━━━ Records supplied
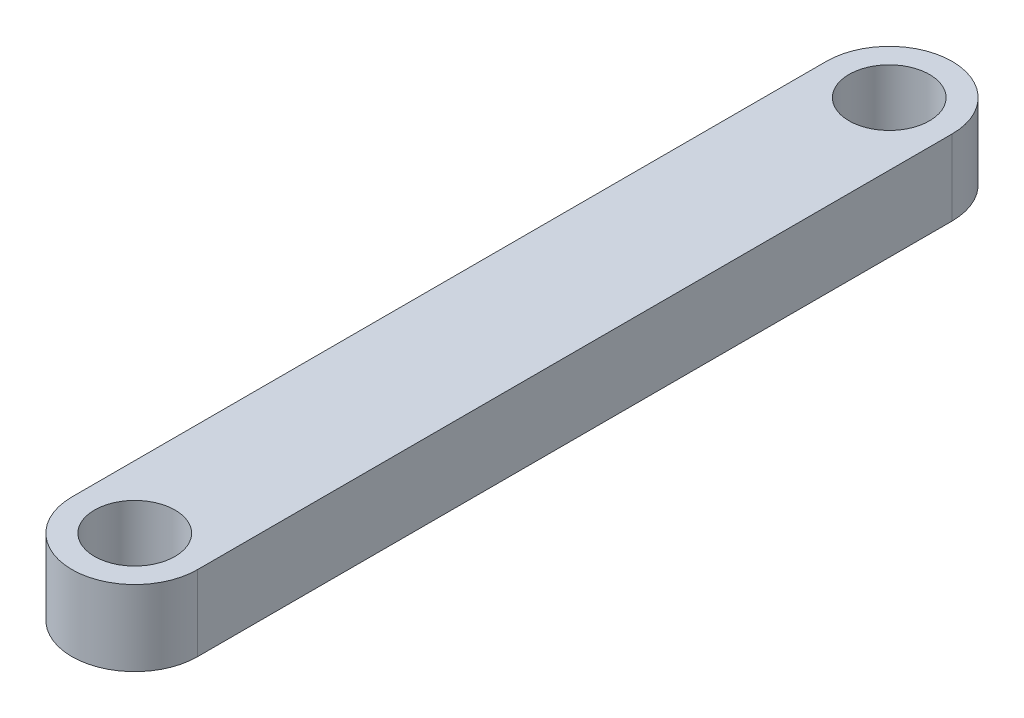
ISO-10303-21;
HEADER;
FILE_DESCRIPTION(('STEP AP214'),'2;1');
FILE_NAME('part.step','',(''),(''),'','','');
FILE_SCHEMA(('AUTOMOTIVE_DESIGN { 1 0 10303 214 1 1 1 1 }'));
ENDSEC;
DATA;
#1=APPLICATION_CONTEXT('core data for automotive mechanical design processes');
#2=APPLICATION_PROTOCOL_DEFINITION('international standard','automotive_design',2000,#1);
#3=PRODUCT_CONTEXT('',#1,'mechanical');
#4=PRODUCT('Part','Part','',(#3));
#5=PRODUCT_RELATED_PRODUCT_CATEGORY('part','',(#4));
#6=PRODUCT_DEFINITION_FORMATION('','',#4);
#7=PRODUCT_DEFINITION_CONTEXT('part definition',#1,'design');
#8=PRODUCT_DEFINITION('design','',#6,#7);
#9=PRODUCT_DEFINITION_SHAPE('','',#8);
#10=(LENGTH_UNIT() NAMED_UNIT(*) SI_UNIT(.MILLI.,.METRE.));
#11=(NAMED_UNIT(*) PLANE_ANGLE_UNIT() SI_UNIT($,.RADIAN.));
#12=(NAMED_UNIT(*) SI_UNIT($,.STERADIAN.) SOLID_ANGLE_UNIT());
#13=UNCERTAINTY_MEASURE_WITH_UNIT(LENGTH_MEASURE(1.E-05),#10,'distance_accuracy_value','');
#14=(GEOMETRIC_REPRESENTATION_CONTEXT(3) GLOBAL_UNCERTAINTY_ASSIGNED_CONTEXT((#13)) GLOBAL_UNIT_ASSIGNED_CONTEXT((#10,
#11,#12)) REPRESENTATION_CONTEXT('',''));
#15=CARTESIAN_POINT('',(0.,0.,0.));
#16=DIRECTION('',(0.,0.,1.));
#17=DIRECTION('',(1.,0.,0.));
#18=AXIS2_PLACEMENT_3D('',#15,#16,#17);
#19=CARTESIAN_POINT('',(0.,3.,0.));
#20=DIRECTION('',(0.,-1.,0.));
#21=DIRECTION('',(0.,0.,-1.));
#22=AXIS2_PLACEMENT_3D('',#19,#20,#21);
#23=CYLINDRICAL_SURFACE('',#22,2.5);
#24=CARTESIAN_POINT('',(0.,0.,0.));
#25=DIRECTION('',(0.,1.,0.));
#26=DIRECTION('',(0.,0.,1.));
#27=AXIS2_PLACEMENT_3D('',#24,#25,#26);
#28=CIRCLE('',#27,2.5);
#29=CARTESIAN_POINT('',(2.5,0.,0.));
#30=VERTEX_POINT('',#29);
#31=CARTESIAN_POINT('',(-2.5,0.,0.));
#32=VERTEX_POINT('',#31);
#33=EDGE_CURVE('E113',#30,#32,#28,.T.);
#34=ORIENTED_EDGE('',*,*,#33,.T.);
#35=DIRECTION('',(0.,-1.,0.));
#36=VECTOR('',#35,1.);
#37=CARTESIAN_POINT('',(-2.5,3.,0.));
#38=LINE('',#37,#36);
#39=CARTESIAN_POINT('',(-2.5,3.,0.));
#40=VERTEX_POINT('',#39);
#41=EDGE_CURVE('E11',#40,#32,#38,.T.);
#42=ORIENTED_EDGE('',*,*,#41,.F.);
#43=CARTESIAN_POINT('',(0.,3.,0.));
#44=DIRECTION('',(0.,1.,0.));
#45=DIRECTION('',(0.,0.,1.));
#46=AXIS2_PLACEMENT_3D('',#43,#44,#45);
#47=CIRCLE('',#46,2.5);
#48=CARTESIAN_POINT('',(2.5,3.,0.));
#49=VERTEX_POINT('',#48);
#50=EDGE_CURVE('E97',#49,#40,#47,.T.);
#51=ORIENTED_EDGE('',*,*,#50,.F.);
#52=DIRECTION('',(0.,-1.,0.));
#53=VECTOR('',#52,1.);
#54=CARTESIAN_POINT('',(2.5,3.,0.));
#55=LINE('',#54,#53);
#56=EDGE_CURVE('E109',#49,#30,#55,.T.);
#57=ORIENTED_EDGE('',*,*,#56,.T.);
#58=EDGE_LOOP('',(#34,#42,#51,#57));
#59=FACE_BOUND('',#58,.T.);
#60=ADVANCED_FACE('F45',(#59),#23,.T.);
#61=CARTESIAN_POINT('',(-2.5,3.,0.));
#62=DIRECTION('',(1.,0.,0.));
#63=DIRECTION('',(0.,0.,-1.));
#64=AXIS2_PLACEMENT_3D('',#61,#62,#63);
#65=PLANE('',#64);
#66=DIRECTION('',(0.,0.,1.));
#67=VECTOR('',#66,1.);
#68=CARTESIAN_POINT('',(-2.5,0.,0.));
#69=LINE('',#68,#67);
#70=CARTESIAN_POINT('',(-2.5,0.,30.));
#71=VERTEX_POINT('',#70);
#72=EDGE_CURVE('E102',#32,#71,#69,.T.);
#73=ORIENTED_EDGE('',*,*,#72,.T.);
#74=DIRECTION('',(0.,-1.,0.));
#75=VECTOR('',#74,1.);
#76=CARTESIAN_POINT('',(-2.5,3.,30.));
#77=LINE('',#76,#75);
#78=CARTESIAN_POINT('',(-2.5,3.,30.));
#79=VERTEX_POINT('',#78);
#80=EDGE_CURVE('E54',#79,#71,#77,.T.);
#81=ORIENTED_EDGE('',*,*,#80,.F.);
#82=DIRECTION('',(0.,0.,1.));
#83=VECTOR('',#82,1.);
#84=CARTESIAN_POINT('',(-2.5,3.,0.));
#85=LINE('',#84,#83);
#86=EDGE_CURVE('E92',#40,#79,#85,.T.);
#87=ORIENTED_EDGE('',*,*,#86,.F.);
#88=ORIENTED_EDGE('',*,*,#41,.T.);
#89=EDGE_LOOP('',(#73,#81,#87,#88));
#90=FACE_BOUND('',#89,.T.);
#91=ADVANCED_FACE('F101',(#90),#65,.F.);
#92=CARTESIAN_POINT('',(0.,3.,30.));
#93=DIRECTION('',(0.,-1.,0.));
#94=DIRECTION('',(0.,0.,-1.));
#95=AXIS2_PLACEMENT_3D('',#92,#93,#94);
#96=CYLINDRICAL_SURFACE('',#95,2.5);
#97=CARTESIAN_POINT('',(0.,0.,30.));
#98=DIRECTION('',(0.,1.,0.));
#99=DIRECTION('',(0.,0.,1.));
#100=AXIS2_PLACEMENT_3D('',#97,#98,#99);
#101=CIRCLE('',#100,2.5);
#102=CARTESIAN_POINT('',(2.5,0.,30.));
#103=VERTEX_POINT('',#102);
#104=EDGE_CURVE('E79',#71,#103,#101,.T.);
#105=ORIENTED_EDGE('',*,*,#104,.T.);
#106=DIRECTION('',(0.,-1.,0.));
#107=VECTOR('',#106,1.);
#108=CARTESIAN_POINT('',(2.5,3.,30.));
#109=LINE('',#108,#107);
#110=CARTESIAN_POINT('',(2.5,3.,30.));
#111=VERTEX_POINT('',#110);
#112=EDGE_CURVE('E104',#111,#103,#109,.T.);
#113=ORIENTED_EDGE('',*,*,#112,.F.);
#114=CARTESIAN_POINT('',(0.,3.,30.));
#115=DIRECTION('',(0.,1.,0.));
#116=DIRECTION('',(0.,0.,1.));
#117=AXIS2_PLACEMENT_3D('',#114,#115,#116);
#118=CIRCLE('',#117,2.5);
#119=EDGE_CURVE('E95',#79,#111,#118,.T.);
#120=ORIENTED_EDGE('',*,*,#119,.F.);
#121=ORIENTED_EDGE('',*,*,#80,.T.);
#122=EDGE_LOOP('',(#105,#113,#120,#121));
#123=FACE_BOUND('',#122,.T.);
#124=ADVANCED_FACE('F105',(#123),#96,.T.);
#125=CARTESIAN_POINT('',(2.5,3.,0.));
#126=DIRECTION('',(-1.,0.,0.));
#127=DIRECTION('',(0.,0.,1.));
#128=AXIS2_PLACEMENT_3D('',#125,#126,#127);
#129=PLANE('',#128);
#130=DIRECTION('',(0.,0.,-1.));
#131=VECTOR('',#130,1.);
#132=CARTESIAN_POINT('',(2.5,0.,0.));
#133=LINE('',#132,#131);
#134=EDGE_CURVE('E85',#103,#30,#133,.T.);
#135=ORIENTED_EDGE('',*,*,#134,.T.);
#136=ORIENTED_EDGE('',*,*,#56,.F.);
#137=DIRECTION('',(0.,0.,-1.));
#138=VECTOR('',#137,1.);
#139=CARTESIAN_POINT('',(2.5,3.,0.));
#140=LINE('',#139,#138);
#141=EDGE_CURVE('E62',#111,#49,#140,.T.);
#142=ORIENTED_EDGE('',*,*,#141,.F.);
#143=ORIENTED_EDGE('',*,*,#112,.T.);
#144=EDGE_LOOP('',(#135,#136,#142,#143));
#145=FACE_BOUND('',#144,.T.);
#146=ADVANCED_FACE('F127',(#145),#129,.F.);
#147=CARTESIAN_POINT('',(0.,3.,0.));
#148=DIRECTION('',(0.,1.,0.));
#149=DIRECTION('',(0.,0.,1.));
#150=AXIS2_PLACEMENT_3D('',#147,#148,#149);
#151=PLANE('',#150);
#152=CARTESIAN_POINT('',(0.,3.,0.));
#153=DIRECTION('',(0.,1.,0.));
#154=DIRECTION('',(0.,0.,1.));
#155=AXIS2_PLACEMENT_3D('',#152,#153,#154);
#156=CIRCLE('',#155,1.6);
#157=CARTESIAN_POINT('',(0.,3.,1.6));
#158=VERTEX_POINT('',#157);
#159=EDGE_CURVE('E142',#158,#158,#156,.T.);
#160=ORIENTED_EDGE('',*,*,#159,.F.);
#161=EDGE_LOOP('',(#160));
#162=FACE_BOUND('',#161,.T.);
#163=CARTESIAN_POINT('',(0.,3.,30.));
#164=DIRECTION('',(0.,1.,0.));
#165=DIRECTION('',(0.,0.,1.));
#166=AXIS2_PLACEMENT_3D('',#163,#164,#165);
#167=CIRCLE('',#166,1.6);
#168=CARTESIAN_POINT('',(0.,3.,31.6));
#169=VERTEX_POINT('',#168);
#170=EDGE_CURVE('E138',#169,#169,#167,.T.);
#171=ORIENTED_EDGE('',*,*,#170,.F.);
#172=EDGE_LOOP('',(#171));
#173=FACE_BOUND('',#172,.T.);
#174=ORIENTED_EDGE('',*,*,#50,.T.);
#175=ORIENTED_EDGE('',*,*,#86,.T.);
#176=ORIENTED_EDGE('',*,*,#119,.T.);
#177=ORIENTED_EDGE('',*,*,#141,.T.);
#178=EDGE_LOOP('',(#174,#175,#176,#177));
#179=FACE_BOUND('',#178,.T.);
#180=ADVANCED_FACE('F93',(#162,#173,#179),#151,.T.);
#181=CARTESIAN_POINT('',(0.,0.,0.));
#182=DIRECTION('',(0.,1.,0.));
#183=DIRECTION('',(0.,0.,1.));
#184=AXIS2_PLACEMENT_3D('',#181,#182,#183);
#185=PLANE('',#184);
#186=CARTESIAN_POINT('',(0.,0.,0.));
#187=DIRECTION('',(0.,1.,0.));
#188=DIRECTION('',(0.,0.,1.));
#189=AXIS2_PLACEMENT_3D('',#186,#187,#188);
#190=CIRCLE('',#189,1.6);
#191=CARTESIAN_POINT('',(0.,0.,1.6));
#192=VERTEX_POINT('',#191);
#193=EDGE_CURVE('E117',#192,#192,#190,.T.);
#194=ORIENTED_EDGE('',*,*,#193,.T.);
#195=EDGE_LOOP('',(#194));
#196=FACE_BOUND('',#195,.T.);
#197=CARTESIAN_POINT('',(0.,0.,30.));
#198=DIRECTION('',(0.,1.,0.));
#199=DIRECTION('',(0.,0.,1.));
#200=AXIS2_PLACEMENT_3D('',#197,#198,#199);
#201=CIRCLE('',#200,1.6);
#202=CARTESIAN_POINT('',(0.,0.,31.6));
#203=VERTEX_POINT('',#202);
#204=EDGE_CURVE('E134',#203,#203,#201,.T.);
#205=ORIENTED_EDGE('',*,*,#204,.T.);
#206=EDGE_LOOP('',(#205));
#207=FACE_BOUND('',#206,.T.);
#208=ORIENTED_EDGE('',*,*,#33,.F.);
#209=ORIENTED_EDGE('',*,*,#134,.F.);
#210=ORIENTED_EDGE('',*,*,#104,.F.);
#211=ORIENTED_EDGE('',*,*,#72,.F.);
#212=EDGE_LOOP('',(#208,#209,#210,#211));
#213=FACE_BOUND('',#212,.T.);
#214=ADVANCED_FACE('F130',(#196,#207,#213),#185,.F.);
#215=CARTESIAN_POINT('',(0.,0.,30.));
#216=DIRECTION('',(0.,1.,0.));
#217=DIRECTION('',(0.,0.,1.));
#218=AXIS2_PLACEMENT_3D('',#215,#216,#217);
#219=CYLINDRICAL_SURFACE('',#218,1.6);
#220=ORIENTED_EDGE('',*,*,#204,.F.);
#221=EDGE_LOOP('',(#220));
#222=FACE_BOUND('',#221,.T.);
#223=ORIENTED_EDGE('',*,*,#170,.T.);
#224=EDGE_LOOP('',(#223));
#225=FACE_BOUND('',#224,.T.);
#226=ADVANCED_FACE('F155',(#222,#225),#219,.F.);
#227=CARTESIAN_POINT('',(0.,0.,0.));
#228=DIRECTION('',(0.,1.,0.));
#229=DIRECTION('',(0.,0.,1.));
#230=AXIS2_PLACEMENT_3D('',#227,#228,#229);
#231=CYLINDRICAL_SURFACE('',#230,1.6);
#232=ORIENTED_EDGE('',*,*,#193,.F.);
#233=EDGE_LOOP('',(#232));
#234=FACE_BOUND('',#233,.T.);
#235=ORIENTED_EDGE('',*,*,#159,.T.);
#236=EDGE_LOOP('',(#235));
#237=FACE_BOUND('',#236,.T.);
#238=ADVANCED_FACE('F152',(#234,#237),#231,.F.);
#239=CLOSED_SHELL('',(#60,#91,#124,#146,#180,#214,#226,#238));
#240=MANIFOLD_SOLID_BREP('B2',#239);
#241=ADVANCED_BREP_SHAPE_REPRESENTATION('',(#18,#240),#14);
#242=SHAPE_DEFINITION_REPRESENTATION(#9,#241);
ENDSEC;
END-ISO-10303-21;
━━━━━━
* _Requirement_:
Write down again, exactly as given, only the lines above that fall from the line with "#41=EDGE_CURVE('E11',#40,#32,#38,.T.);" to the line with "#69=LINE('',#68,#67);", inclusive.

* _The completed task_:
#41=EDGE_CURVE('E11',#40,#32,#38,.T.);
#42=ORIENTED_EDGE('',*,*,#41,.F.);
#43=CARTESIAN_POINT('',(0.,3.,0.));
#44=DIRECTION('',(0.,1.,0.));
#45=DIRECTION('',(0.,0.,1.));
#46=AXIS2_PLACEMENT_3D('',#43,#44,#45);
#47=CIRCLE('',#46,2.5);
#48=CARTESIAN_POINT('',(2.5,3.,0.));
#49=VERTEX_POINT('',#48);
#50=EDGE_CURVE('E97',#49,#40,#47,.T.);
#51=ORIENTED_EDGE('',*,*,#50,.F.);
#52=DIRECTION('',(0.,-1.,0.));
#53=VECTOR('',#52,1.);
#54=CARTESIAN_POINT('',(2.5,3.,0.));
#55=LINE('',#54,#53);
#56=EDGE_CURVE('E109',#49,#30,#55,.T.);
#57=ORIENTED_EDGE('',*,*,#56,.T.);
#58=EDGE_LOOP('',(#34,#42,#51,#57));
#59=FACE_BOUND('',#58,.T.);
#60=ADVANCED_FACE('F45',(#59),#23,.T.);
#61=CARTESIAN_POINT('',(-2.5,3.,0.));
#62=DIRECTION('',(1.,0.,0.));
#63=DIRECTION('',(0.,0.,-1.));
#64=AXIS2_PLACEMENT_3D('',#61,#62,#63);
#65=PLANE('',#64);
#66=DIRECTION('',(0.,0.,1.));
#67=VECTOR('',#66,1.);
#68=CARTESIAN_POINT('',(-2.5,0.,0.));
#69=LINE('',#68,#67);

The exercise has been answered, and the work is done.